I'm sorry about this! working on a fix.

vanderZwan

5 days ago

> it takes half the height.

Ah so that's what the "planet scale" name refers to /j

is_true

5 days ago

It takes all the screen space from latitude 0° to -90°!!!

seanman

5 days ago

I have been looking for something like this for so long, amazing post. I would love a section on composite indexes. That is something that I still have a hard visualizing…

tpetry

5 days ago

I invented a new way of visualisi g composite ones when I wrote my book about indexing. You can scroll down on the landing page to the fundamentals chapter to see it.

https://sqlfordevs.com/ebooks/indexing

bddicken

5 days ago

Thanks Sean! Yeah that would be very cool to have an interactive visual for that as well. So many possibilities!

VeejayRampay

6 days ago

beautiful interactive visualizations, this is top shelf in terms of pedagogy and vulgarization

eclectic29

6 days ago

Slightly off topic: Learnt a new word today 'vulgarization' which seems to have a completely different meaning from the obvious. Thanks.

egwynn

6 days ago

Note that, in the abstract, “vulgar” means “common” (as in “vulgar latin”). Indeed, its negative connotations come from that same sense: “common” people are unrefined.

hinkley

6 days ago

The association between vulgarity and propriety (and class distinctions) sort of ruins that word, particularly in the english speaking west.

I wonder if that's as big of a problem in the romance languages (which all treat left/right the same way - left = bad, right = good)

LtdJorge

5 days ago

Yes, in Spanish vulgar is used as inappropriate. We have "el vulgo" (el pueblo, the people), which kinda teaches you the correct meaning, popular, unrefined. But "vulgo" is seldomly used.

jjgreen

6 days ago

Indeed: are you sinister or dexterous?

nickpeterson

5 days ago

As a left-handed contrarian, I’ve always enjoyed that sinister and left handed go hand in hand.

hinkley

5 days ago

In French the same word for “right” means the same notion in English for

- direction

- straight ahead

- civics

- propriety

egwynn

5 days ago

This goes pretty deep in English. I'd argue that the semantic intention behind the colloquial usage of "vulgar" is nearly inseparable from the "class distinction" baggage it carries. Consider these common synonyms and their etymologies:

- Rude: "coarse, rough, unfinished, unlearned" (https://www.etymonline.com/word/rude#etymonline_v_16610)

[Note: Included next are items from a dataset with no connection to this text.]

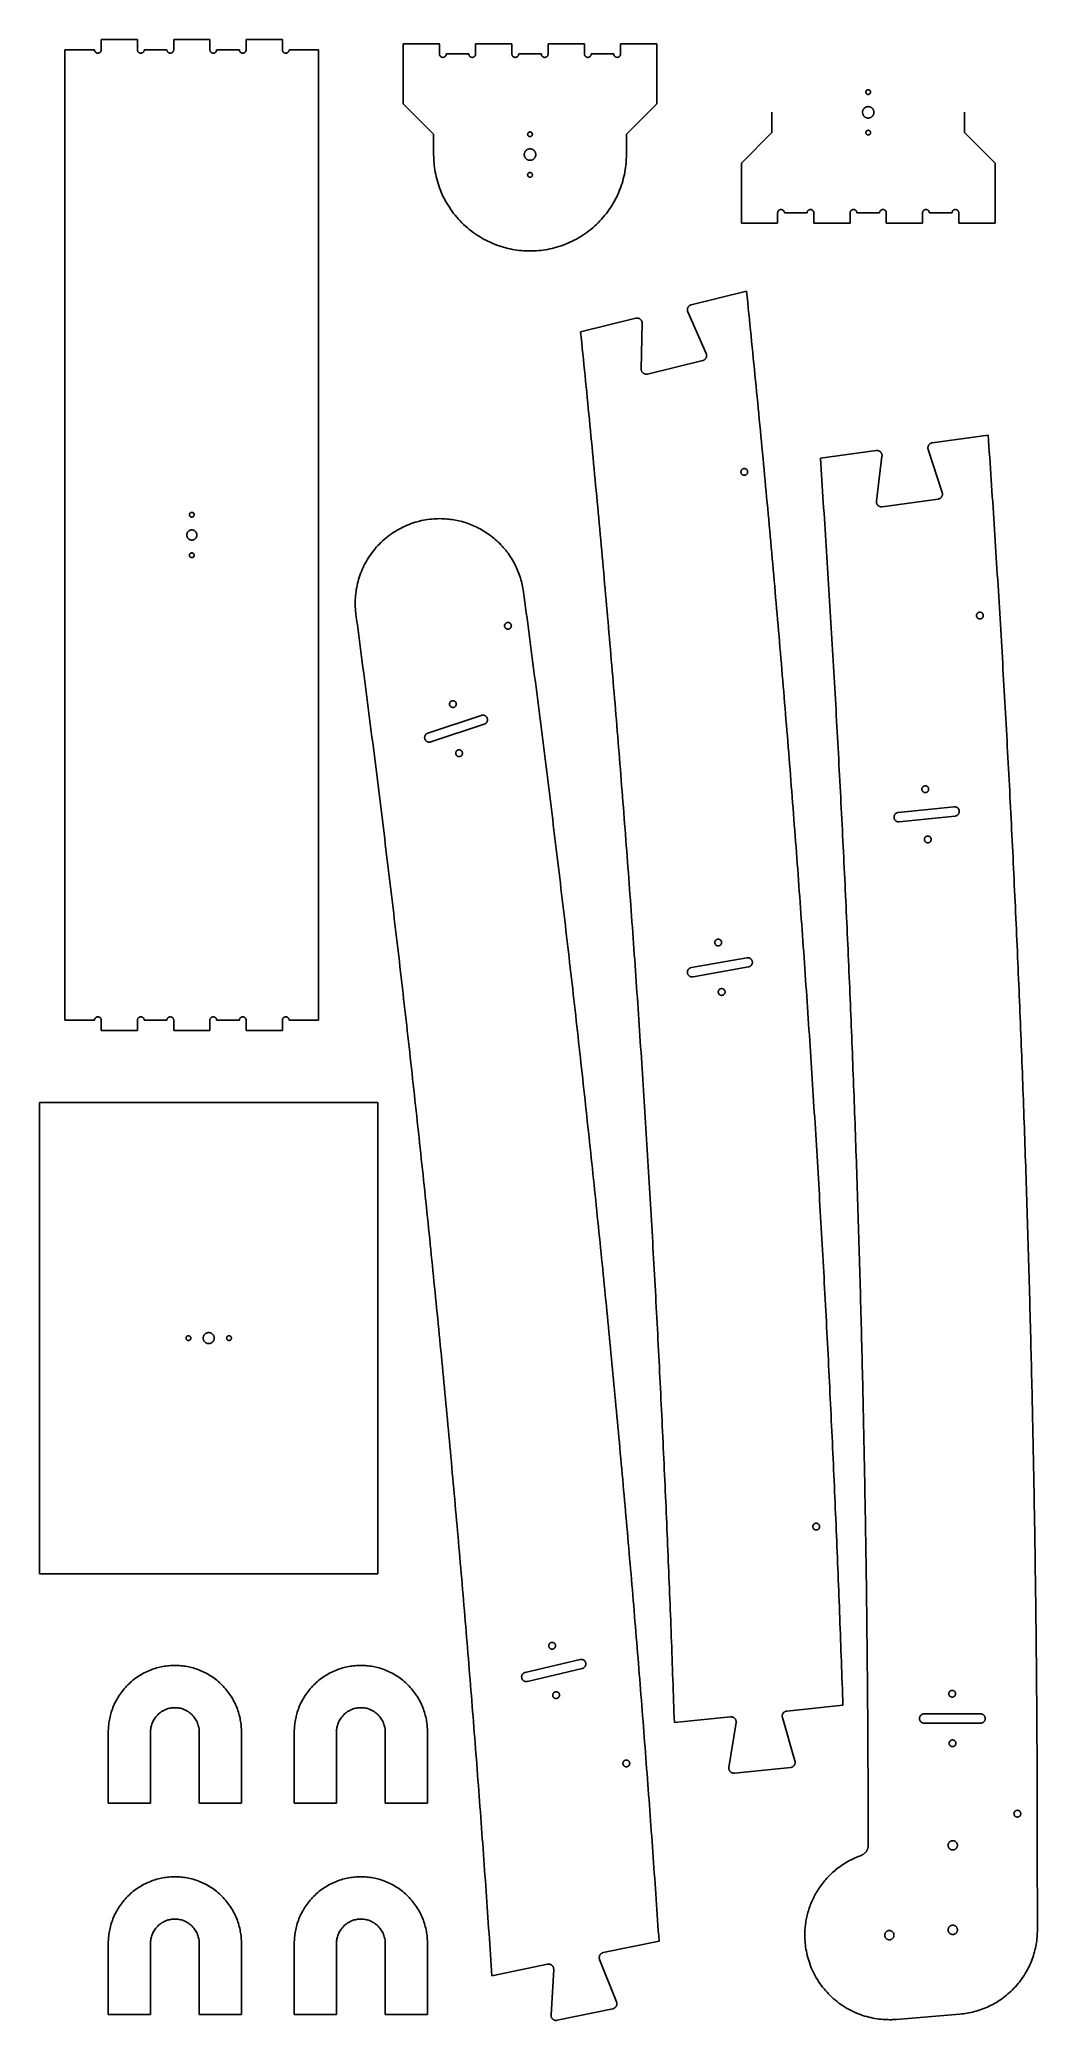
# Model space of a CAD drawing. Header units: millimetres. Extents: x 20 to 1200, y -2407 to -64.
import ezdxf

# ---------------------------------------------------------------- set-up
doc = ezdxf.new("R2010")
doc.units = ezdxf.units.MM
doc.layers.add('Default', color=7, linetype='Continuous', true_color=0x000000)

msp = doc.modelspace()

# ---------------------------------------------------------------- linework, layer by layer
at = {"layer": 'Default', "color": 18, "true_color": 0x000000}
for p, q in [((92.9, -64), (92.9, -76)), ((135.7, -64), (92.9, -64)), ((135.7, -64), (135.7, -76)), ((178.6, -76), (178.6, -64)), ((221.4, -64), (178.6, -64)), ((221.4, -76), (221.4, -64)), ((264.3, -64), (264.3, -76)), ((307.1, -64), (264.3, -64)), ((307.1, -64), (307.1, -76)), ((450, -69), (492.9, -69)), ((450, -140), (450, -69)), ((492.9, -69), (492.9, -81)), ((535.7, -69), (578.6, -69)), ((535.7, -81), (535.7, -69)), ((578.6, -69), (578.6, -81)), ((621.4, -81), (621.4, -69)), ((621.4, -69), (664.3, -69)), ((664.3, -69), (664.3, -81)), ((707.1, -81), (707.1, -69)), ((707.1, -69), (750, -69)), ((750, -69), (750, -140)), ((84.9, -76), (50, -76)), ((50, -76), (50, -1224)), ((143.7, -76), (170.6, -76)), ((256.3, -76), (229.4, -76)), ((315.1, -76), (350, -76)), ((350, -1224), (350, -76)), ((500.9, -81), (527.7, -81)), ((586.6, -81), (613.4, -81)), ((672.3, -81), (699.1, -81)), ((486, -176), (450, -140)), ((750, -140), (714, -176)), ((886, -150), (886, -174)), ((1114, -150), (1114, -174)), ((486, -200), (486, -176)), ((714, -200), (714, -176)), ((886, -174), (850, -210)), ((1150, -210), (1114, -174)), ((850, -210), (850, -281)), ((1150, -281), (1150, -210)), ((850, -281), (892.9, -281)), ((892.9, -281), (892.9, -269)), ((900.9, -269), (927.7, -269)), ((935.7, -269), (935.7, -281)), ((935.7, -281), (978.6, -281)), ((978.6, -281), (978.6, -269)), ((986.6, -269), (1013.4, -269)), ((1021.4, -269), (1021.4, -281)), ((1021.4, -281), (1064.3, -281)), ((1064.3, -281), (1064.3, -269)), ((1072.3, -269), (1099.1, -269)), ((1107.1, -269), (1107.1, -281)), ((1107.1, -281), (1150, -281)), ((790.7, -377.7), (856.1, -361.7)), ((659.9, -409.6), (725.3, -393.6)), ((808.4, -435.4), (786.6, -385.9)), ((732.7, -399.6), (731.5, -453.6)), ((738.9, -459.6), (804.3, -443.6)), ((1075.7, -541), (1141.9, -531.8)), ((943.4, -559.3), (1009.6, -550.2)), ((1016.3, -556.9), (1009.7, -610)), ((1087.5, -599.7), (1070.9, -548.8)), ((1016.5, -616.7), (1082.7, -607.5)), ((542.4, -863.4), (479.1, -884.4)), ((482.6, -894.8), (545.8, -873.8)), ((1101.6, -971.5), (1035.3, -978.3)), ((1036.4, -989.2), (1102.7, -982.5)), ((856.5, -1150.1), (790.9, -1161.7)), ((792.8, -1172.6), (858.4, -1160.9)), ((84.9, -1224), (50, -1224)), ((92.9, -1236), (92.9, -1224)), ((92.9, -1236), (135.7, -1236)), ((135.7, -1236), (135.7, -1224)), ((143.7, -1224), (170.6, -1224)), ((178.6, -1224), (178.6, -1236)), ((178.6, -1236), (221.4, -1236)), ((221.4, -1224), (221.4, -1236)), ((256.3, -1224), (229.4, -1224)), ((264.3, -1236), (264.3, -1224)), ((264.3, -1236), (307.1, -1236)), ((307.1, -1236), (307.1, -1224)), ((315.1, -1224), (350, -1224)), ((20, -1878.8), (20, -1321.2)), ((20, -1321.2), (420, -1321.2)), ((420, -1321.2), (420, -1878.8)), ((420, -1878.8), (20, -1878.8)), ((659.2, -1980.1), (594.3, -1995.5)), ((596.9, -2006.2), (661.7, -1990.9)), ((903.7, -2041.2), (970.1, -2034.3)), ((770.7, -2054.9), (837.2, -2048)), ((843.7, -2054.9), (835.2, -2107.8)), ((913.4, -2100.2), (898.5, -2048.8)), ((1132.9, -2044.5), (1066.2, -2044.5)), ((1066.2, -2055.5), (1132.9, -2055.5)), ((101.2, -2150), (101.2, -2066)), ((151.2, -2150), (151.2, -2066)), ((208.8, -2066), (208.8, -2150)), ((258.7, -2150), (258.7, -2066)), ((321.2, -2150), (321.2, -2066)), ((371.2, -2150), (371.2, -2066)), ((428.8, -2066), (428.8, -2150)), ((478.7, -2150), (478.7, -2066)), ((841.8, -2114.7), (908.3, -2107.9)), ((151.2, -2150), (101.2, -2150)), ((208.8, -2150), (258.7, -2150)), ((371.2, -2150), (321.2, -2150)), ((428.8, -2150), (478.7, -2150)), ((1200, -2200), (1200.1, -2299.9)), ((101.2, -2400), (101.2, -2316)), ((151.2, -2400), (151.2, -2316)), ((208.8, -2316), (208.8, -2400)), ((258.7, -2400), (258.7, -2316)), ((321.2, -2400), (321.2, -2316)), ((371.2, -2400), (371.2, -2316)), ((428.8, -2316), (428.8, -2400)), ((478.7, -2400), (478.7, -2316)), ((686.7, -2326.9), (752.6, -2313.3)), ((554.9, -2354.2), (620.8, -2340.6)), ((702.3, -2385.2), (682.3, -2335)), ((628, -2346.8), (624.9, -2400.7)), ((151.2, -2400), (101.2, -2400)), ((208.8, -2400), (258.7, -2400)), ((371.2, -2400), (321.2, -2400)), ((428.8, -2400), (478.7, -2400)), ((632.1, -2407), (698, -2393.3)), ((1033.2, -2405.9), (1108.2, -2399.7))]:
    msp.add_line(p, q, dxfattribs=at)
for points, weights in [([(88.9, -80), (84.9, -80), (84.9, -76)], [1, 0.707106781187, 1]), ([(92.9, -76), (92.9, -80), (88.9, -80)], [1, 0.707106781187, 1]), ([(139.7, -80), (135.7, -80), (135.7, -76)], [1, 0.707106781187, 1]), ([(143.7, -76), (143.7, -80), (139.7, -80)], [1, 0.707106781187, 1]), ([(174.6, -80), (170.6, -80), (170.6, -76)], [1, 0.707106781187, 1]), ([(178.6, -76), (178.6, -80), (174.6, -80)], [1, 0.707106781187, 1]), ([(225.4, -80), (221.4, -80), (221.4, -76)], [1, 0.707106781187, 1]), ([(229.4, -76), (229.4, -80), (225.4, -80)], [1, 0.707106781187, 1]), ([(260.3, -80), (256.3, -80), (256.3, -76)], [1, 0.707106781187, 1]), ([(264.3, -76), (264.3, -80), (260.3, -80)], [1, 0.707106781187, 1]), ([(311.1, -80), (307.1, -80), (307.1, -76)], [1, 0.707106781187, 1]), ([(315.1, -76), (315.1, -80), (311.1, -80)], [1, 0.707106781187, 1]), ([(856.1, -361.7), (941.7, -1196.1), (970.1, -2034.3)], [0.949891351621, 0.960929597747, 0.973232588074]), ([(725.3, -393.6), (726.1, -393.4), (726.9, -393.4)], [0.911928313763, 0.94601316332, 1]), ([(726.9, -393.4), (732.8, -393.7), (732.7, -399.6)], [1, 0.709739305089, 0.994782274438]), ([(659.9, -409.6), (743.2, -1230.3), (770.7, -2054.9)], [0.950252802251, 0.961223605292, 0.973439074845]), ([(1141.9, -531.8), (1199.4, -1364.9), (1200, -2200)], [0.973232342448, 0.98579889554, 0.999684964339]), ([(943.4, -559.3), (999.4, -1378.7), (1000, -2200)], [0.973438916873, 0.985911767731, 0.999682289905]), ([(1016.4, -556.1), (1016.4, -556.5), (1016.3, -556.9)], [1, 0.975110984867, 0.954451928193]), ([(1087.8, -601.6), (1087.8, -606.8), (1082.7, -607.5)], [1, 0.734893387589, 0.949698985019]), ([(1087.5, -599.7), (1087.8, -600.6), (1087.8, -601.6)], [0.902266872488, 0.938015951861, 1]), ([(500.2, -630.9), (581.3, -636.6), (592.3, -717.1)], [1, 0.748120165935, 0.929459312258]), ([(592.3, -717.1), (698.6, -1512.6), (752.6, -2313.3)], [0.930343920196, 0.939564032173, 0.949891187757]), ([(394.1, -743.6), (501.3, -1546.2), (554.9, -2354.2)], [0.930344261405, 0.939725669299, 0.950253187572]), ([(544.6, -863.1), (543.4, -863), (542.4, -863.4)], [1, 0.922183027372, 0.885715467022]), ([(1035.3, -978.3), (1030.5, -978.9), (1030.5, -983.8)], [0.953454696834, 0.732597995616, 1]), ([(857.6, -1150), (857.1, -1150), (856.5, -1150.1)], [1, 0.958077433475, 0.928155838438]), ([(180, -1987.2), (101.2, -1987.2), (101.2, -2066)], [1, 0.707106781187, 1]), ([(258.7, -2066), (258.7, -1987.2), (180, -1987.2)], [1, 0.707106781187, 1]), ([(400, -1987.2), (321.2, -1987.2), (321.2, -2066)], [1, 0.707106781187, 1]), ([(478.7, -2066), (478.7, -1987.2), (400, -1987.2)], [1, 0.707106781187, 1]), ([(660.9, -1980), (660, -1980), (659.2, -1980.1)], [1, 0.940827402874, 0.90556383488]), ([(180, -2037.2), (151.2, -2037.2), (151.2, -2066)], [1, 0.707106781187, 1]), ([(208.8, -2066), (208.8, -2037.2), (180, -2037.2)], [1, 0.707106781187, 1]), ([(400, -2037.2), (371.2, -2037.2), (371.2, -2066)], [1, 0.707106781187, 1]), ([(428.8, -2066), (428.8, -2037.2), (400, -2037.2)], [1, 0.707106781187, 1]), ([(837.2, -2048), (837.6, -2048), (838, -2048)], [0.949778591782, 0.972262507571, 1]), ([(1066.2, -2044.5), (1060.7, -2044.5), (1060.7, -2050)], [1, 0.707106781187, 1]), ([(1060.7, -2050), (1060.7, -2055.5), (1066.2, -2055.5)], [1, 0.707106781187, 1]), ([(1000, -2200), (1000, -2209), (991.5, -2212)], [1, 0.773748757007, 0.897042137569]), ([(1000, -2200), (1000, -2200), (1000, -2200)], [0.999682401837, 0.999841114728, 1]), ([(180, -2237.2), (101.2, -2237.2), (101.2, -2316)], [1, 0.707106781187, 1]), ([(258.7, -2316), (258.7, -2237.2), (180, -2237.2)], [1, 0.707106781187, 1]), ([(400, -2237.2), (321.2, -2237.2), (321.2, -2316)], [1, 0.707106781187, 1]), ([(478.7, -2316), (478.7, -2237.2), (400, -2237.2)], [1, 0.707106781187, 1]), ([(180, -2287.2), (151.2, -2287.2), (151.2, -2316)], [1, 0.707106781187, 1]), ([(208.8, -2316), (208.8, -2287.2), (180, -2287.2)], [1, 0.707106781187, 1]), ([(400, -2287.2), (371.2, -2287.2), (371.2, -2316)], [1, 0.707106781187, 1]), ([(428.8, -2316), (428.8, -2287.2), (400, -2287.2)], [1, 0.707106781187, 1]), ([(1200.1, -2300), (1200.1, -2392.2), (1108.2, -2399.7)], [1, 0.723841273918, 0.96844326944]), ([(1200.1, -2299.9), (1200.1, -2300), (1200.1, -2300)], [0.99968426778, 0.99984204871, 1]), ([(620.8, -2340.6), (621.6, -2340.4), (622.4, -2340.5)], [0.911928313763, 0.94601316332, 1]), ([(622.4, -2340.5), (628.3, -2340.9), (628, -2346.8)], [1, 0.709739305089, 0.994782274438])]:
    msp.add_rational_spline(points, weights, degree=2, dxfattribs=at)
for points, weights, knots in [([(500.9, -81), (500.9, -85), (496.9, -85), (492.9, -85), (492.9, -81)], [1, 0.707106781187, 1, 0.707106781187, 1], [1.570796, 1.570796, 1.570796, 3.141593, 3.141593, 4.712389, 4.712389, 4.712389]), ([(535.7, -81), (535.7, -85), (531.7, -85), (527.7, -85), (527.7, -81)], [1, 0.707106781187, 1, 0.707106781187, 1], [1.570796, 1.570796, 1.570796, 3.141593, 3.141593, 4.712389, 4.712389, 4.712389]), ([(586.6, -81), (586.6, -85), (582.6, -85), (578.6, -85), (578.6, -81)], [1, 0.707106781187, 1, 0.707106781187, 1], [1.570796, 1.570796, 1.570796, 3.141593, 3.141593, 4.712389, 4.712389, 4.712389]), ([(621.4, -81), (621.4, -85), (617.4, -85), (613.4, -85), (613.4, -81)], [1, 0.707106781187, 1, 0.707106781187, 1], [1.570796, 1.570796, 1.570796, 3.141593, 3.141593, 4.712389, 4.712389, 4.712389]), ([(672.3, -81), (672.3, -85), (668.3, -85), (664.3, -85), (664.3, -81)], [1, 0.707106781187, 1, 0.707106781187, 1], [1.570796, 1.570796, 1.570796, 3.141593, 3.141593, 4.712389, 4.712389, 4.712389]), ([(707.1, -81), (707.1, -85), (703.1, -85), (699.1, -85), (699.1, -81)], [1, 0.707106781187, 1, 0.707106781187, 1], [1.570796, 1.570796, 1.570796, 3.141593, 3.141593, 4.712389, 4.712389, 4.712389]), ([(1002.8, -126), (1002.8, -128.8), (1000, -128.8), (997.2, -128.8), (997.2, -126), (997.2, -123.3), (1000, -123.3), (1002.8, -123.3), (1002.8, -126)], [1, 0.707106781187, 1, 0.707106781187, 1, 0.707106781187, 1, 0.707106781187, 1], [0, 0, 0, 1.570796, 1.570796, 3.141593, 3.141593, 4.712389, 4.712389, 6.283185, 6.283185, 6.283185]), ([(1006.8, -150), (1006.8, -156.8), (1000, -156.8), (993.3, -156.8), (993.3, -150), (993.3, -143.3), (1000, -143.3), (1006.8, -143.3), (1006.8, -150)], [1, 0.707106781187, 1, 0.707106781187, 1, 0.707106781187, 1, 0.707106781187, 1], [0, 0, 0, 1.570796, 1.570796, 3.141593, 3.141593, 4.712389, 4.712389, 6.283185, 6.283185, 6.283185]), ([(600, -173.2), (602.8, -173.2), (602.8, -176), (602.8, -178.8), (600, -178.8), (597.2, -178.8), (597.2, -176), (597.2, -173.2), (600, -173.2)], [1, 0.707106781187, 1, 0.707106781187, 1, 0.707106781187, 1, 0.707106781187, 1], [0, 0, 0, 1.570796, 1.570796, 3.141593, 3.141593, 4.712389, 4.712389, 6.283185, 6.283185, 6.283185]), ([(1002.8, -174), (1002.8, -176.8), (1000, -176.8), (997.2, -176.8), (997.2, -174), (997.2, -171.3), (1000, -171.3), (1002.8, -171.3), (1002.8, -174)], [1, 0.707106781187, 1, 0.707106781187, 1, 0.707106781187, 1, 0.707106781187, 1], [0, 0, 0, 1.570796, 1.570796, 3.141593, 3.141593, 4.712389, 4.712389, 6.283185, 6.283185, 6.283185]), ([(486, -200), (486, -314), (600, -314), (714, -314), (714, -200)], [1, 0.707106781187, 1, 0.707106781187, 1], [-4.712389, -4.712389, -4.712389, -3.141593, -3.141593, -1.570796, -1.570796, -1.570796]), ([(600, -193.2), (606.8, -193.2), (606.8, -200), (606.8, -206.8), (600, -206.8), (593.2, -206.8), (593.2, -200), (593.2, -193.2), (600, -193.2)], [1, 0.707106781187, 1, 0.707106781187, 1, 0.707106781187, 1, 0.707106781187, 1], [0, 0, 0, 1.570796, 1.570796, 3.141593, 3.141593, 4.712389, 4.712389, 6.283185, 6.283185, 6.283185]), ([(600, -221.2), (602.8, -221.2), (602.8, -224), (602.8, -226.8), (600, -226.8), (597.2, -226.8), (597.2, -224), (597.2, -221.2), (600, -221.2)], [1, 0.707106781187, 1, 0.707106781187, 1, 0.707106781187, 1, 0.707106781187, 1], [0, 0, 0, 1.570796, 1.570796, 3.141593, 3.141593, 4.712389, 4.712389, 6.283185, 6.283185, 6.283185]), ([(900.9, -269), (900.9, -265), (896.9, -265), (892.9, -265), (892.9, -269)], [1, 0.707106781187, 1, 0.707106781187, 1], [-3.141593, -3.141593, -3.141593, -1.570796, -1.570796, 0, 0, 0]), ([(935.7, -269), (935.7, -265), (931.7, -265), (927.7, -265), (927.7, -269)], [1, 0.707106781187, 1, 0.707106781187, 1], [-3.141593, -3.141593, -3.141593, -1.570796, -1.570796, 0, 0, 0]), ([(986.6, -269), (986.6, -265), (982.6, -265), (978.6, -265), (978.6, -269)], [1, 0.707106781187, 1, 0.707106781187, 1], [-3.141593, -3.141593, -3.141593, -1.570796, -1.570796, 0, 0, 0]), ([(1021.4, -269), (1021.4, -265), (1017.4, -265), (1013.4, -265), (1013.4, -269)], [1, 0.707106781187, 1, 0.707106781187, 1], [-3.141593, -3.141593, -3.141593, -1.570796, -1.570796, 0, 0, 0]), ([(1072.3, -269), (1072.3, -265), (1068.3, -265), (1064.3, -265), (1064.3, -269)], [1, 0.707106781187, 1, 0.707106781187, 1], [-3.141593, -3.141593, -3.141593, -1.570796, -1.570796, 0, 0, 0]), ([(1107.1, -269), (1107.1, -265), (1103.1, -265), (1099.1, -265), (1099.1, -269)], [1, 0.707106781187, 1, 0.707106781187, 1], [-3.141593, -3.141593, -3.141593, -1.570796, -1.570796, 0, 0, 0]), ([(786.6, -385.9), (786.1, -384.7), (786.1, -383.3), (786.3, -378.8), (790.7, -377.7)], [0.878172484018, 0.913598230161, 1, 0.761157358474, 0.911847855627], [4.249013, 4.249013, 4.249013, 4.712389, 4.712389, 5.99331, 5.99331, 5.99331]), ([(808.4, -435.4), (808.9, -436.6), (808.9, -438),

- Mean: "shared by all, common, general" (https://www.etymonline.com/word/mean#etymonline_v_12495)

And even synonyms like obscene, indecent, or disgusting, which don't evoke this distinction directly, still almost always ultimately rely on separating things based on what is "good" and "clean" according to class distinctions.

bddicken

6 days ago

That's the goal! Thanks for the kind words.

sroussey

5 days ago

Awesome article!

I only wished that the reference to InnoDB storing data in the B tree itself is otherwise referred to as a clustered index.

MyISAM before it was non-clustered.

Oracle and others let you choose.

bddicken

4 days ago

Good point! Yes, clustered index is one of the correct terms.

tnvmadhav

5 days ago

great piece of education. The interactive demos like these help a lot.

dorbodwolf

5 days ago

If our disk block and B-tree node is 16k, and our keys, values, and child pointers are all 8 bits, this means we could store 682 key/values with 683 child pointers per node. A three level tree could store over 300 million key/value pairs (682 × 682 × 682 = 317,214,568). —— Should be 8 bytes per element?

misonic

5 days ago

may I ask what the v0, v1, ...v10 mean in those graphs? different pages?

bddicken

4 days ago

It's meant to represent the values associated with the keys being inserted. Having the "v" for "value" there helps to differentiate it.

s4i

5 days ago

I think it's "value #0", "value #1", etc. Confused me too.

user

6 days ago

[deleted]

modriano

5 days ago

[flagged]

samlambert

5 days ago

that's not meant to happen. we will fix.

finnh

5 days ago

wow! That was honestly even worse than you made it out to be.